## ASSIGNED TASK
Transcribe only the lines of the listing below from the one holding "doc.layers.add(name, color=color, linetype=linetype)" through the one holding "each defined once", inclusive, without any change.

## GIVEN ENTRIES
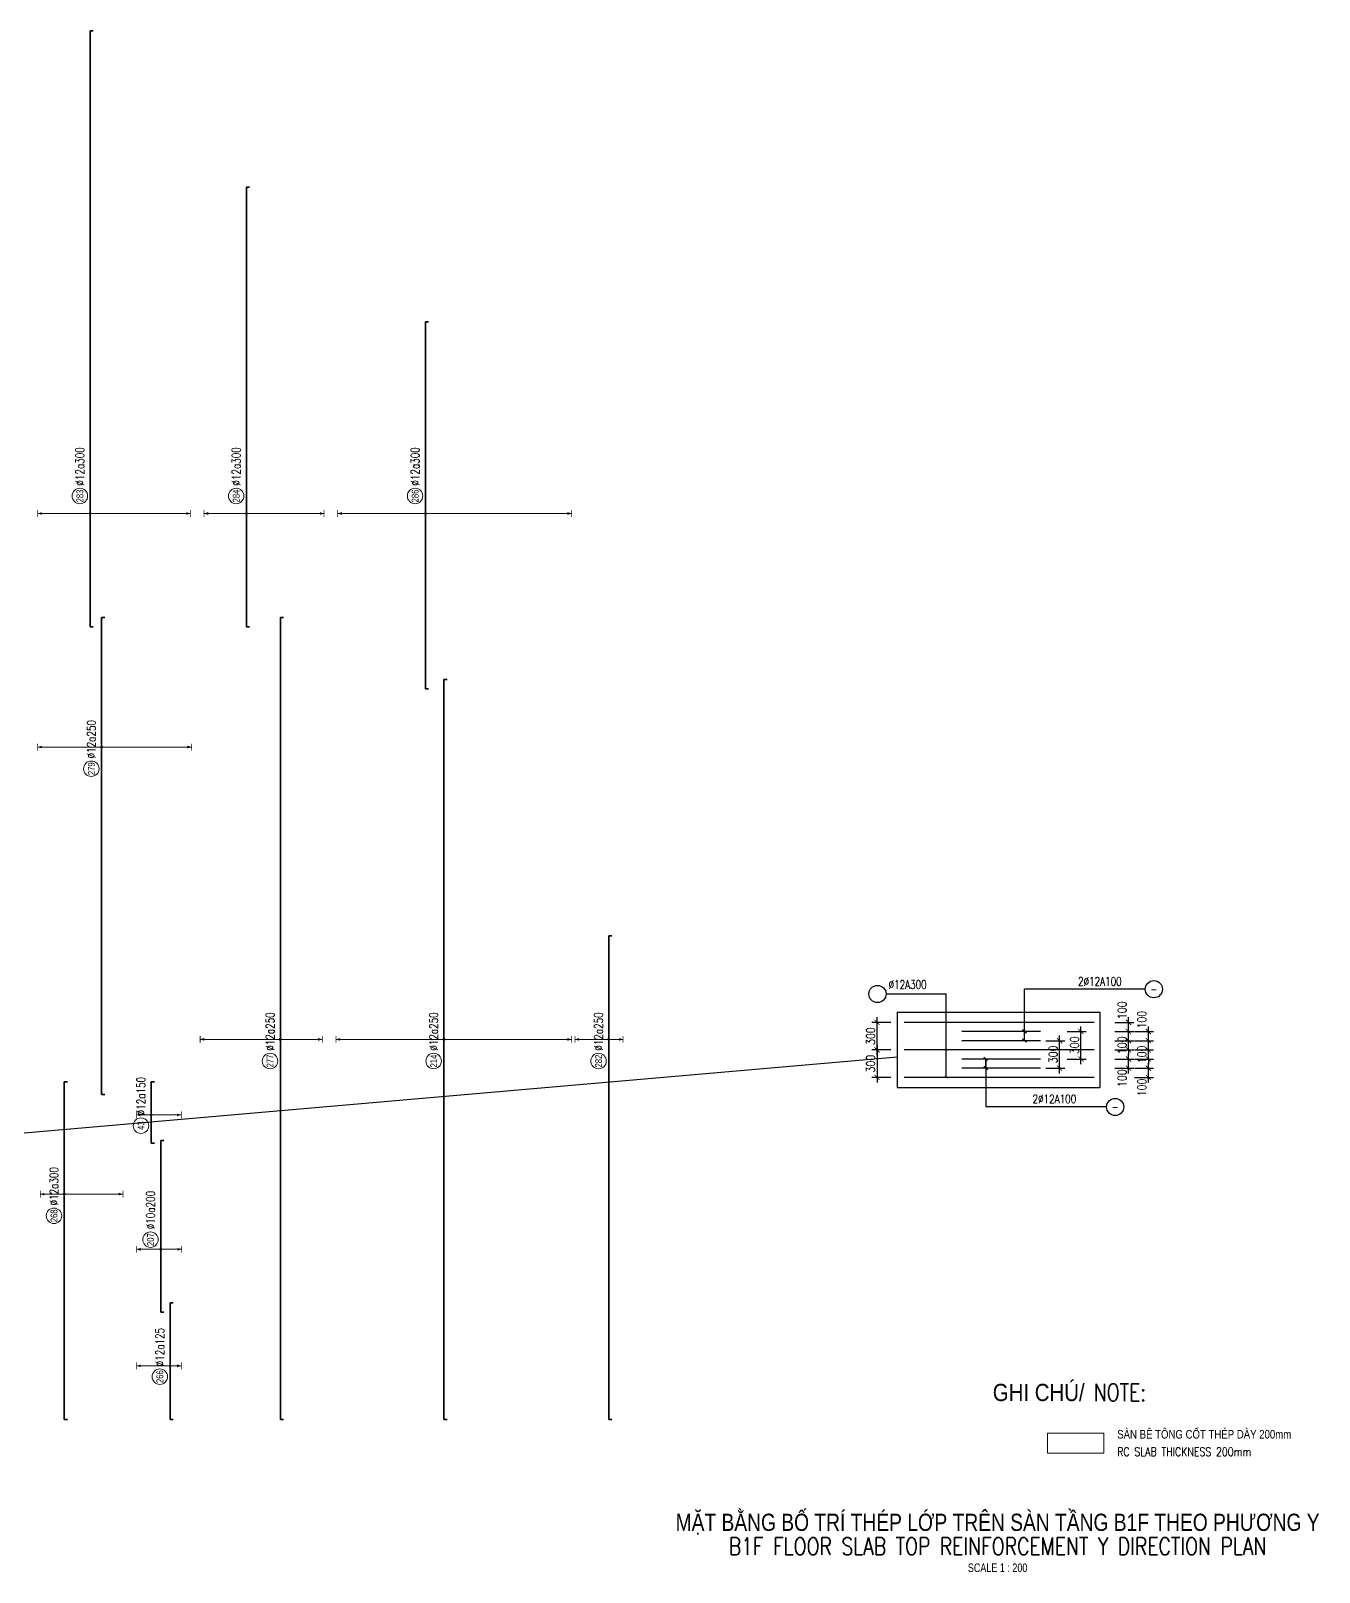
# Model space of a CAD drawing. Header units: millimetres. Extents: x -415354 to 883813, y -531490 to 486716.
# Drawn here: x 181950 to 256881, y -256041 to -166401 of the extents above; entities that cross this region are included whole.
import ezdxf
from ezdxf.enums import TextEntityAlignment as Align

# ---------------------------------------------------------------- set-up
doc = ezdxf.new("R2010")
doc.units = ezdxf.units.MM
doc.header["$MEASUREMENT"] = 0
doc.layers.get('Defpoints').update_dxf_attribs({"lineweight": 9})
for name, color, linetype in [('Concrete', 2, 'Continuous'), ('Dimension', 253, 'Continuous'), ('Leader', 6, 'Continuous'), ('Pointing Line', 6, 'Continuous'), ('Reinforcement', 4, 'Continuous'), ('Text25', 7, 'Continuous')]:
    doc.layers.add(name, color=color, linetype=linetype)
for name, color, linetype, lineweight in [('NDC_S_ANNO', 7, 'Continuous', 20), ('NDC_S_CONTINUOUS', 3, 'Continuous', 20), ('NDC_S_DIM', 1, 'Continuous', 15), ('NDC_S_ENG TEXT', 2, 'Continuous', 20), ('NDC_S_ENG TITLE', 3, 'Continuous', 20), ('NDC_S_REBAR', 4, 'Continuous', 35), ('NDC_S_TEXT SYMBOL', 7, 'Continuous', 20), ('NDC_S_VN TEXT', 7, 'Continuous', 20), ('NDC_S_VN TITLE', 6, 'Continuous', 35)]:
    doc.layers.add(name, color=color, linetype=linetype, lineweight=lineweight)
doc.styles.add('ARIAL', font='arial.ttf', dxfattribs={"width": 0.8})
doc.styles.add('NDC_ANNO', font='', dxfattribs={"width": 0.8})
doc.styles.add('NDC_EN TXT', font='romans.shx', dxfattribs={"width": 0.8})
doc.styles.add('NDC_VIE TXT', font='arial.ttf', dxfattribs={"width": 0.8})
doc.styles.add('VN-Romans', font='romans.shx', dxfattribs={"width": 0.8, "bigfont": 'vns.shx'})
doc.styles.get('NDC_ANNO').set_extended_font_data('Dotum')
doc.dimstyles.new('DIM25', dxfattribs={"dimtxt": 2.5, "dimasz": 1.5, "dimexe": 1.5, "dimexo": 1, "dimtad": 1, "dimtxsty": 'VN-Romans', "dimblk": 'ARCHTICK', "dimcen": 1.5, "dimdle": 1.5, "dimclrt": 7, "dimadec": 0, "dimazin": 0, "dimtfac": 1, "dimtix": 1, "dimtmove": 2, "dimatfit": 3, "dimfxl": 5, "dimfxlon": 1, "dimarcsym": 0})

# ---------------------------------------------------------------- blocks, each defined once
blk = doc.blocks.new('*U532')
h = blk.add_hatch(color=6)
edge = h.paths.add_edge_path()
edge.add_arc((-2.99, 0), 0.3, 0, 360)
at = {"layer": 'NDC_S_DIM', "color": 8}
for q in [(-2.99, 12.33), (-2.99, -22.53)]:
    blk.add_line((-2.99, 0), q, dxfattribs=at)
for points in [[(-3.99, 12.33, 0.2, 0.2, 0), (-1.99, 12.33, 0, 0, 0)], [(-3.99, -22.53, 0.2, 0.2, 0), (-1.99, -22.53, 0, 0, 0)]]:
    blk.add_lwpolyline(points, format="xyseb", dxfattribs=at)
at = {"layer": 'NDC_S_DIM'}
blk.add_circle((2.1, 3), 2.25, dxfattribs=at)
at = {"layer": 'NDC_S_DIM', "color": 6}
blk.add_circle((-2.99, 0), 0.3, dxfattribs=at)
at = {"layer": 'NDC_S_DIM', "color": 8}
for points in [[(-3.39, 11.13), (-2.99, 12.33), (-2.59, 11.13)], [(-3.39, -21.33), (-2.99, -22.53), (-2.59, -21.33)]]:
    blk.add_solid(points, dxfattribs=at)
at = {"layer": 'NDC_S_REBAR'}
for p, q in [((0, 0), (-35.98, 0)), ((-35.98, 0), (-35.98, -0.9)), ((0, 0), (91.91, 0)), ((91.91, 0), (91.91, -0.9)), ((-35.98, -0.9), (-35.98, -0.9)), ((91.91, -0.9), (91.91, -0.9))]:
    blk.add_line(p, q, dxfattribs=at)
at = {"layer": 'NDC_S_VN TEXT', "style": 'ARIAL', "width": 0.8}
blk.add_attdef('KHT', text='', height=2, dxfattribs=at).set_placement((2.1, 3), align=Align.MIDDLE_CENTER)
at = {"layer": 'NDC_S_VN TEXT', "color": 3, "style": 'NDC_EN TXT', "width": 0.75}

## RESPONSE BELOW
    doc.layers.add(name, color=color, linetype=linetype)
for name, color, linetype, lineweight in [('NDC_S_ANNO', 7, 'Continuous', 20), ('NDC_S_CONTINUOUS', 3, 'Continuous', 20), ('NDC_S_DIM', 1, 'Continuous', 15), ('NDC_S_ENG TEXT', 2, 'Continuous', 20), ('NDC_S_ENG TITLE', 3, 'Continuous', 20), ('NDC_S_REBAR', 4, 'Continuous', 35), ('NDC_S_TEXT SYMBOL', 7, 'Continuous', 20), ('NDC_S_VN TEXT', 7, 'Continuous', 20), ('NDC_S_VN TITLE', 6, 'Continuous', 35)]:
    doc.layers.add(name, color=color, linetype=linetype, lineweight=lineweight)
doc.styles.add('ARIAL', font='arial.ttf', dxfattribs={"width": 0.8})
doc.styles.add('NDC_ANNO', font='', dxfattribs={"width": 0.8})
doc.styles.add('NDC_EN TXT', font='romans.shx', dxfattribs={"width": 0.8})
doc.styles.add('NDC_VIE TXT', font='arial.ttf', dxfattribs={"width": 0.8})
doc.styles.add('VN-Romans', font='romans.shx', dxfattribs={"width": 0.8, "bigfont": 'vns.shx'})
doc.styles.get('NDC_ANNO').set_extended_font_data('Dotum')
doc.dimstyles.new('DIM25', dxfattribs={"dimtxt": 2.5, "dimasz": 1.5, "dimexe": 1.5, "dimexo": 1, "dimtad": 1, "dimtxsty": 'VN-Romans', "dimblk": 'ARCHTICK', "dimcen": 1.5, "dimdle": 1.5, "dimclrt": 7, "dimadec": 0, "dimazin": 0, "dimtfac": 1, "dimtix": 1, "dimtmove": 2, "dimatfit": 3, "dimfxl": 5, "dimfxlon": 1, "dimarcsym": 0})

# ---------------------------------------------------------------- blocks, each defined once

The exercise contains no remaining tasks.